Think it’s worth pushing through, or restarting and hoping for better?
That’s one of the kinds of problems this game is based on.
Isn’t the mouse wheel just the tool for the kind of situation where you need rudimentary power?
I can see the attraction of getting local power but I’ve much preferred keeping the oil refinery and polymer press close to the living area (with insulation in-between). It means my Dupes can get to them faster. I’ll have to run a continuous connection in one form or another from the oil source to the living area anyway.
Ew. Another water geyser, polluted or not, would certainly be handy. I don’t have any air geysers on my map. Looking at the geyser stats, the oxygen vents don’t even seem that great; a single dupe needs 100 g/s of oxygen and that’s about what one vent produces. Hardly seems worth it.
I guess I’d keep looking for the remaining geysers–there should be something like 14 of them, including metal volcanoes. Maybe the remaining ones will be nicer.
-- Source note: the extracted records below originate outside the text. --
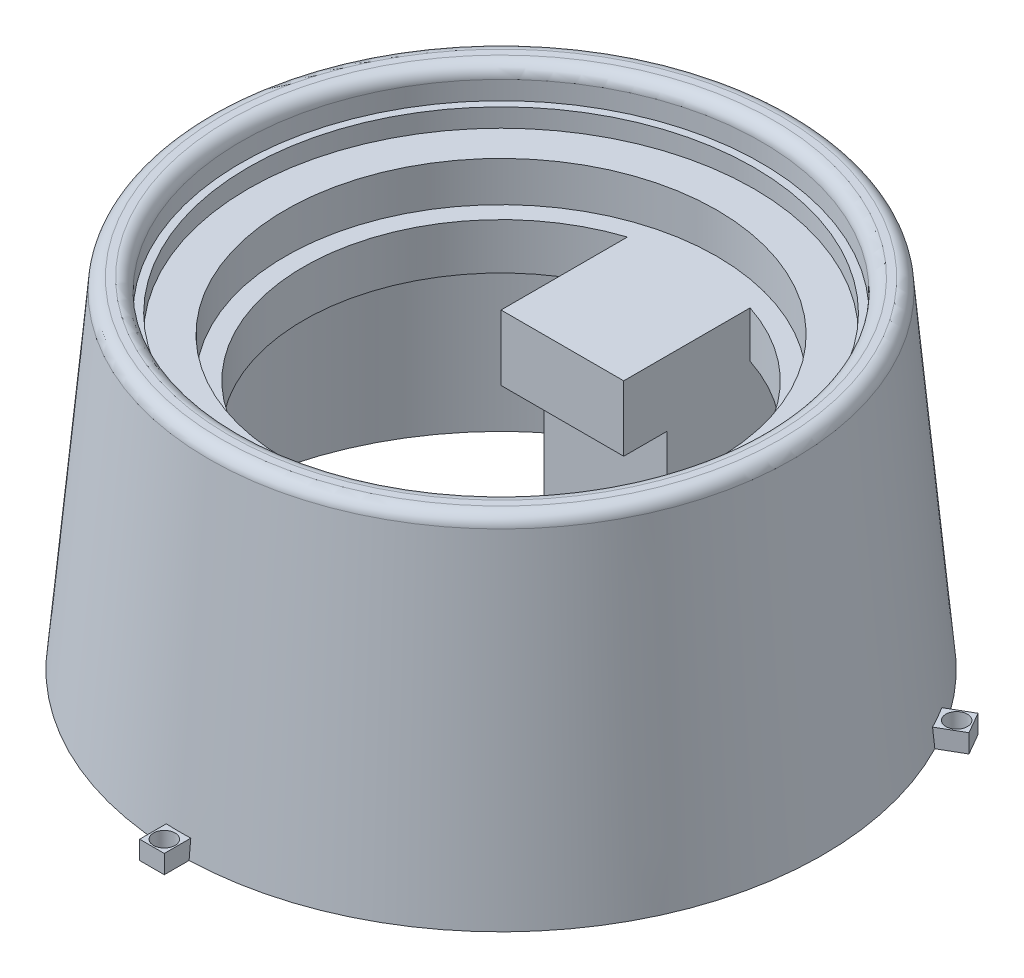
SolidWorks part; units mm, degrees
ref_plane "前视基准面" through (0, 0, 0) normal (0, 0, 1) x (1, 0, 0)
ref_plane "上视基准面" through (0, 0, 0) normal (0, 1, 0) x (1, 0, 0)
ref_plane "右视基准面" through (0, 0, 0) normal (1, 0, 0) x (0, 0, -1)
other "Configuration Table"
sketch "草图1" plane through (0, 0, 0) normal (0, 1, 0) x (1, 0, 0)
  circle A0 centre (0, 0) radius 52.22
  circle A1 centre (0, 0) radius 47.22
  circle A2 centre (0, 0) radius 42.22
  dimension "D1" = 104.44
  dimension "D2" = 94.44
  dimension "D3" = 84.44
extrude "凸台-拉伸1" add sketch "草图1" along normal blind 50 contours A2 | A0 A1 | A1 A2
sketch "草图3" plane through (0, 50, 0) normal (0, 1, 0) x (1, 0, 0)
  circle A1 centre (0, 0) radius 52.22
  circle A2 centre (0, 0) radius 52.22
  circle A3 centre (0, 0) radius 42.22
  circle A4 centre (0, 0) radius 42.22
  circle A5 centre (0, 0) radius 47.22
  circle A6 centre (0, 0) radius 47.22
  circle A7 centre (0, 0) radius 52.22
  circle A8 centre (0, 0) radius 52.22
  circle M5 centre (0, 0) radius 52.22
  dimension "D5" = 94.44
  dimension "D6" = 84.44
  dimension "D1" = 0
  dimension "D2" = 0
  dimension "D3" = 0
  dimension "D4" = 0
extrude "凸台-拉伸2" add sketch "草图3" along normal blind 5 contours A6 M5 | A6 A4
sketch "草图5" plane through (0, 0, 0) normal (1, 0, 0) x (0, 0, -1)
  line L0 (52.22, 55) -> (52.22, 0)
  line L1 (55, 0) -> (-55, 0) construction
  line L2 (52.22, 0) -> (52.22, 55) construction
  line L3 (52.22, 0) -> (47.22, 55)
  line L4 (52.22, 55) -> (-52.22, 55) construction
  line L5 (47.22, 55) -> (52.22, 55)
  line L6 (0, 58.8576) -> (0, -9.8994) construction
revolve "切除-旋转2" cut sketch "草图5" angle 360 about L6
sketch "草图6" plane through (0, 50, 0) normal (0, 1, 0) x (1, 0, 0)
  line L0 (9.95, 9.95) -> (9.95, -30.45)
  line L2 (9.95, 9.95) -> (-9.95, 9.95)
  line L3 (-9.95, 9.95) -> (-9.95, -30.45)
  line L4 (-9.95, -30.45) -> (9.95, -30.45)
extrude "切除-拉伸1" cut sketch "草图6" against normal up to next
sketch "草图8" plane through (0, 50, 0) normal (0, 1, 0) x (1, 0, 0)
  line L0 (-9.95, 9.95) -> (-9.95, 16.95)
  line L1 (9.95, 9.95) -> (9.95, 16.95)
  line L2 (9.95, 16.95) -> (-9.95, 16.95)
  line L3 (-9.95, -30.45) -> (-9.95, -37.45)
  line L4 (9.95, -30.45) -> (9.95, -37.45)
  line L5 (9.95, -37.45) -> (-9.95, -37.45)
  line L6 (-9.95, 9.95) -> (9.95, 9.95)
  line L7 (-9.95, -30.45) -> (9.95, -30.45)
sketch "草图9" plane through (0, 0, 0) normal (0, -1, 0) x (1, 0, 0)
  line L4 (-9.95, 37.45) -> (-9.95, 30.45)
  line L5 (9.95, 37.45) -> (-9.95, 37.45)
  line L6 (9.95, 30.45) -> (9.95, 37.45)
  line L7 (-9.95, 30.45) -> (9.95, 30.45)
  line L8 (-9.95, 37.45) -> (-9.95, 30.45)
  line L9 (9.95, 37.45) -> (-9.95, 37.45)
  line L10 (9.95, 30.45) -> (9.95, 37.45)
  line L11 (-9.95, 30.45) -> (9.95, 30.45)
  line L12 (-9.95, -9.95) -> (-9.95, -16.95)
  line L13 (-9.95, -16.95) -> (9.95, -16.95)
  line L14 (9.95, -16.95) -> (9.95, -9.95)
  line L15 (9.95, -9.95) -> (-9.95, -9.95)
  line L16 (-9.95, -9.95) -> (-9.95, -16.95)
  line L17 (-9.95, -16.95) -> (9.95, -16.95)
  line L18 (9.95, -16.95) -> (9.95, -9.95)
  line L19 (9.95, -9.95) -> (-9.95, -9.95)
  dimension "D1" = 0
  dimension "D2" = 0
extrude "切除-拉伸2" cut sketch "草图9" against normal blind 29.9
sketch "草图10" plane through (0, 29.9, 0) normal (0, -1, 0) x (1, 0, 0)
  line L0 (9.95, 37.45) -> (4.95, 37.45)
  line L1 (9.95, 37.45) -> (-9.95, 37.45) construction
  line L2 (4.95, 37.45) -> (4.95, 34.55)
  line L3 (-9.95, 37.45) -> (-4.95, 37.45)
  line L4 (-4.95, 37.45) -> (-4.95, 34.55)
  line L5 (-9.95, -16.95) -> (-4.95, -16.95)
  line L6 (9.95, -16.95) -> (-9.95, -16.95) construction
  line L7 (-4.95, -16.95) -> (-4.95, -14.05)
  line L8 (9.95, -16.95) -> (4.95, -16.95)
  line L9 (4.95, -16.95) -> (4.95, -14.05)
  circle A0 centre (4.95, 34.55) radius 1.75
  circle A1 centre (-4.95, 34.55) radius 1.75
  circle A2 centre (-4.95, -14.05) radius 1.75
  circle A3 centre (4.95, -14.05) radius 1.75
sketch "草图13" plane through (0, 0, 0) normal (0, 0, 1) x (1, 0, 0)
  line L1 (-5, 0) -> (5, 0)
  line L2 (-52.22, 0) -> (52.22, 0) construction
  line L3 (-5, 0) -> (-5, 10)
  line L4 (-5, 10) -> (5, 10)
  line L5 (5, 10) -> (5, 0)
extrude "切除-拉伸3" cut sketch "草图13" against normal through all
sketch "草图14" plane through (0, 50, 0) normal (0, 1, 0) x (1, 0, 0)
  line L0 (-9.95, -30.45) -> (9.95, -30.45)
  line L1 (9.95, -30.45) -> (9.95, 9.95)
  line L2 (9.95, 9.95) -> (-9.95, 9.95)
  line L3 (-9.95, 9.95) -> (-9.95, -30.45)
  circle A1 centre (0, 0) radius 35
  circle A2 centre (0, 0) radius 42.22
  circle A3 centre (0, 0) radius 42.22
  circle A4 centre (0, 0) radius 41
  dimension "D1" = 0
  dimension "D2" = 84.44
  dimension "D3" = 32.0344
extrude "切除-拉伸4" cut sketch "草图14" against normal blind 3 contours A4 A1
sketch "草图15" plane through (0, 50, 0) normal (0, 1, 0) x (1, 0, 0)
  line L0 (-9.95, 9.95) -> (-9.95, 30.45)
  line L1 (-9.95, 30.45) -> (9.95, 30.45)
  line L2 (9.95, 30.45) -> (9.95, 9.95)
  line L4 (-9.95, -30.45) -> (9.95, -30.45)
  line L5 (9.95, -30.45) -> (9.95, 9.95)
  line L6 (9.95, 9.95) -> (-9.95, 9.95)
  line L7 (-9.95, 9.95) -> (-9.95, -30.45)
  line L8 (-9.95, -30.45) -> (9.95, -30.45)
  line L9 (9.95, -30.45) -> (9.95, 9.95)
  line L10 (9.95, 9.95) -> (-9.95, 9.95)
  line L11 (-9.95, 9.95) -> (-9.95, -30.45)
  circle A0 centre (0, 0) radius 32.0344
  circle A1 centre (0, 0) radius 35
  circle A2 centre (0, 0) radius 35
  circle A3 centre (0, 0) radius 41
  circle A4 centre (0, 0) radius 41
  circle A5 centre (0, 0) radius 42.22
  circle A6 centre (0, 0) radius 42.22
  circle A7 centre (0, 0) radius 35
  circle A8 centre (0, 0) radius 35
  line M11 (9.95, 9.95) -> (9.95, -30.45)
  line M13 (-9.95, -30.45) -> (-9.95, 9.95)
  dimension "D1" = 0
  dimension "D2" = 0
  dimension "D3" = 0
  dimension "D4" = 0
  dimension "D5" = 0
extrude "切除-拉伸5" cut sketch "草图15" against normal through all contours L0 A0 M13 | A0 L2 M11
sketch "草图17" plane through (0, 0, 0) normal (0, -1, 0) x (1, 0, 0)
  line L0 (-9.95, -16.95) -> (-9.95, 46.1598)
  line L1 (-9.95, -16.95) -> (-9.95, -46.1598)
  line L2 (9.95, 37.45) -> (9.95, -46.1598)
  line L3 (9.95, 37.45) -> (9.95, 46.1598)
  circle A1 centre (0, 0) radius 42.22
  circle A2 centre (0, 0) radius 42.22
  circle A3 centre (0, 0) radius 47.22
  circle A4 centre (0, 0) radius 47.22
  circle A5 centre (0, 0) radius 52.22
  circle A6 centre (0, 0) radius 52.22
  arc M6 (-9.95, -30.45) -> (-9.95, 30.45) centre (0, 0) cw
  line M7 (-9.95, 30.45) -> (-9.95, 37.45)
  line M9 (9.95, 37.45) -> (9.95, 30.45)
  arc M10 (9.95, 30.45) -> (9.95, -30.45) centre (0, 0) cw
  dimension "D1" = 0
  dimension "D2" = 0
  dimension "D3" = 0
extrude "切除-拉伸6" cut sketch "草图17" against normal blind 33 contours L0 A2 L1 M6 M7 | L0 A4 L1 A2 | L2 A2 L3 M9 M10 | L2 A4 L3 A2
sketch "草图20" plane through (0, 0, -9.95) normal (0, 0, 1) x (1, 0, 0)
  line L0 (-9.95, 29.9) -> (-9.95, 40.5)
  line L1 (-9.95, 29.9) -> (-4.95, 29.9) construction
  line L2 (-9.95, 40.5) -> (-9.95, 50)
  line L3 (9.95, 50) -> (-9.95, 50) construction
sketch "草图21" plane through (0, 50, 0) normal (0, 1, 0) x (1, 0, 0)
  circle A1 centre (0, 0) radius 35
  circle A2 centre (0, 0) radius 35
  dimension "D1" = 0
extrude "切除-拉伸7" cut sketch "草图21" against normal blind 9.5
sketch "草图22" plane through (0, 0, 0) normal (0, -1, 0) x (1, 0, 0)
  line L0 (0, 0) -> (-0.4162, 52.2183)
  line L1 (0, 0) -> (45.4305, -25.7487)
  line L2 (0, 0) -> (-45.0143, -26.4696)
  line L3 (-0.4162, 52.2183) -> (-0.4162, 56.2183)
  line L4 (-0.4162, 56.2183) -> (-2.4162, 56.2183)
  line L5 (-0.4162, 56.2183) -> (1.5838, 56.2183)
  line L6 (-2.4162, 56.2183) -> (-2.4162, 50.2183)
  line L7 (-2.4162, 50.2183) -> (1.5838, 50.2183)
  line L8 (1.5838, 50.2183) -> (1.5838, 56.2183)
  line L9 (-9.95, 46.1598) -> (-9.95, 37.45)
  line L10 (-9.95, 37.45) -> (9.95, 37.45)
  line L11 (9.95, 37.45) -> (9.95, 46.1598)
  line L12 (9.95, -46.1598) -> (9.95, -16.95)
  line L13 (9.95, -16.95) -> (5, -16.95)
  line L14 (5, -16.95) -> (5, -51.9801)
  line L15 (-5, -51.9801) -> (-5, -16.95)
  line L16 (-5, -16.95) -> (-9.95, -16.95)
  line L17 (-9.95, -16.95) -> (-9.95, -46.1598)
  line L18 (-9.95, 46.1598) -> (-9.95, 37.45)
  line L19 (-9.95, 37.45) -> (9.95, 37.45)
  line L20 (9.95, 37.45) -> (9.95, 46.1598)
  line L21 (9.95, -46.1598) -> (9.95, -16.95)
  line L22 (9.95, -16.95) -> (5, -16.95)
  line L23 (5, -16.95) -> (5, -51.9801)
  line L24 (-5, -51.9801) -> (-5, -16.95)
  line L25 (-5, -16.95) -> (-9.95, -16.95)
  line L26 (-9.95, -16.95) -> (-9.95, -46.1598)
  line L27 (48.8946, -27.7487) -> (49.8946, -26.0167)
  line L28 (48.8946, -27.7487) -> (47.8946, -29.4808)
  line L29 (49.8946, -26.0167) -> (44.6985, -23.0167)
  line L30 (45.4305, -25.7487) -> (48.8946, -27.7487)
  line L31 (42.6985, -26.4808) -> (47.8946, -29.4808)
  line L32 (44.6985, -23.0167) -> (42.6985, -26.4808)
  line L33 (-48.4784, -28.4696) -> (-47.4784, -30.2017)
  line L34 (-48.4784, -28.4696) -> (-49.4784, -26.7376)
  line L35 (-47.4784, -30.2017) -> (-42.2823, -27.2017)
  line L36 (-45.0143, -26.4696) -> (-48.4784, -28.4696)
  line L37 (-44.2823, -23.7376) -> (-49.4784, -26.7376)
  line L38 (-42.2823, -27.2017) -> (-44.2823, -23.7376)
  circle A0 centre (-0.4162, 54.2183) radius 1.75
  circle A1 centre (47.1626, -26.7487) radius 1.75
  circle A2 centre (-46.7464, -27.4696) radius 1.75
  arc A3 (-9.95, 46.1598) -> (-9.95, -46.1598) centre (0, 0) ccw
  arc A4 (9.95, -46.1598) -> (9.95, 46.1598) centre (0, 0) ccw
  arc A5 (5, -51.9801) -> (-5, -51.9801) centre (0, 0) ccw
  arc A6 (-9.95, 46.1598) -> (-9.95, -46.1598) centre (0, 0) ccw
  arc A7 (9.95, -46.1598) -> (9.95, 46.1598) centre (0, 0) ccw
  arc A8 (5, -51.9801) -> (-5, -51.9801) centre (0, 0) ccw
  point P43 (0, 0)
  arc M26 (5, -51.9801) -> (-5, -51.9801) centre (0, 0) ccw
  dimension "D4" = 3
  dimension "D2" = 120
  dimension "D3" = 120
  dimension "D1" = 0
extrude "凸台-拉伸3" add sketch "草图22" against normal blind 3 contours A0 L3 L4 L6 M26 | A0 L3 L8 L5 M26 | L7 L8 L0 M26 | L6 L7 L0 M26 | A1 L30 L27 L29 M26 | L29 L32 L1 M26 | L1 L32 L31 M26 | A1 L30 L31 L28 M26 | A2 L36 L37 L34 M26 | L2 L38 L37 M26 | L35 L38 L2 M26 | A2 L36 L33 L35 M26
extrude "切除-拉伸8" cut sketch "草图10" against normal blind 10
fillet "圆角1" radius 2 1 edges at (0, 55, 47.22)
fillet "圆角2" radius 2 1 edges at (0, 55, 42.22)

To cover the slack periods, make some giant reservoirs. Really big, like 25 units on a side. Just clear out an area, build some walls (insulated if you need; avoid sandstone for liquids), and some pumps at the bottom (make sure they can take the heat). If it’s a liquid geyser, just surround the geyser, keeping it at the top. For gas geysers, keep the geyser itself in a separate chamber and pump the gas into the reservoir. That way it can take a full 20 kg/tile instead of the 4ish kg/tile that will shut down the geyser.
Once you get really fancy, you can condense the gases into liquid :). I think that might be one of my next efforts; to use liquified gas storage for everything and not need giant chambers for natural gas, etc. But that’s overkill even for “early late game”. There’s plenty of space on the map for reservoirs.
What’s wrong with sandstone for liquid? I thought the only material differences were listed when you select the materials (thermally reactive, overheat temp, etc).
Are there supposed to be 14 geysers on every map? Because I’ve explored what is probably half the map on mine and only have one.
Sandstone leaks. Not sure about gases, but water will leak right through.
There’s a list of the “rules” for geyser spawning here. I’m not sure what the minimum count is exactly but you should have several at the least. Look for their bases–they (almost) all have 4 neutronium blocks beneath them. Most of them will be covered by rocks/ice but you’ll be able to spot them from the neutronium.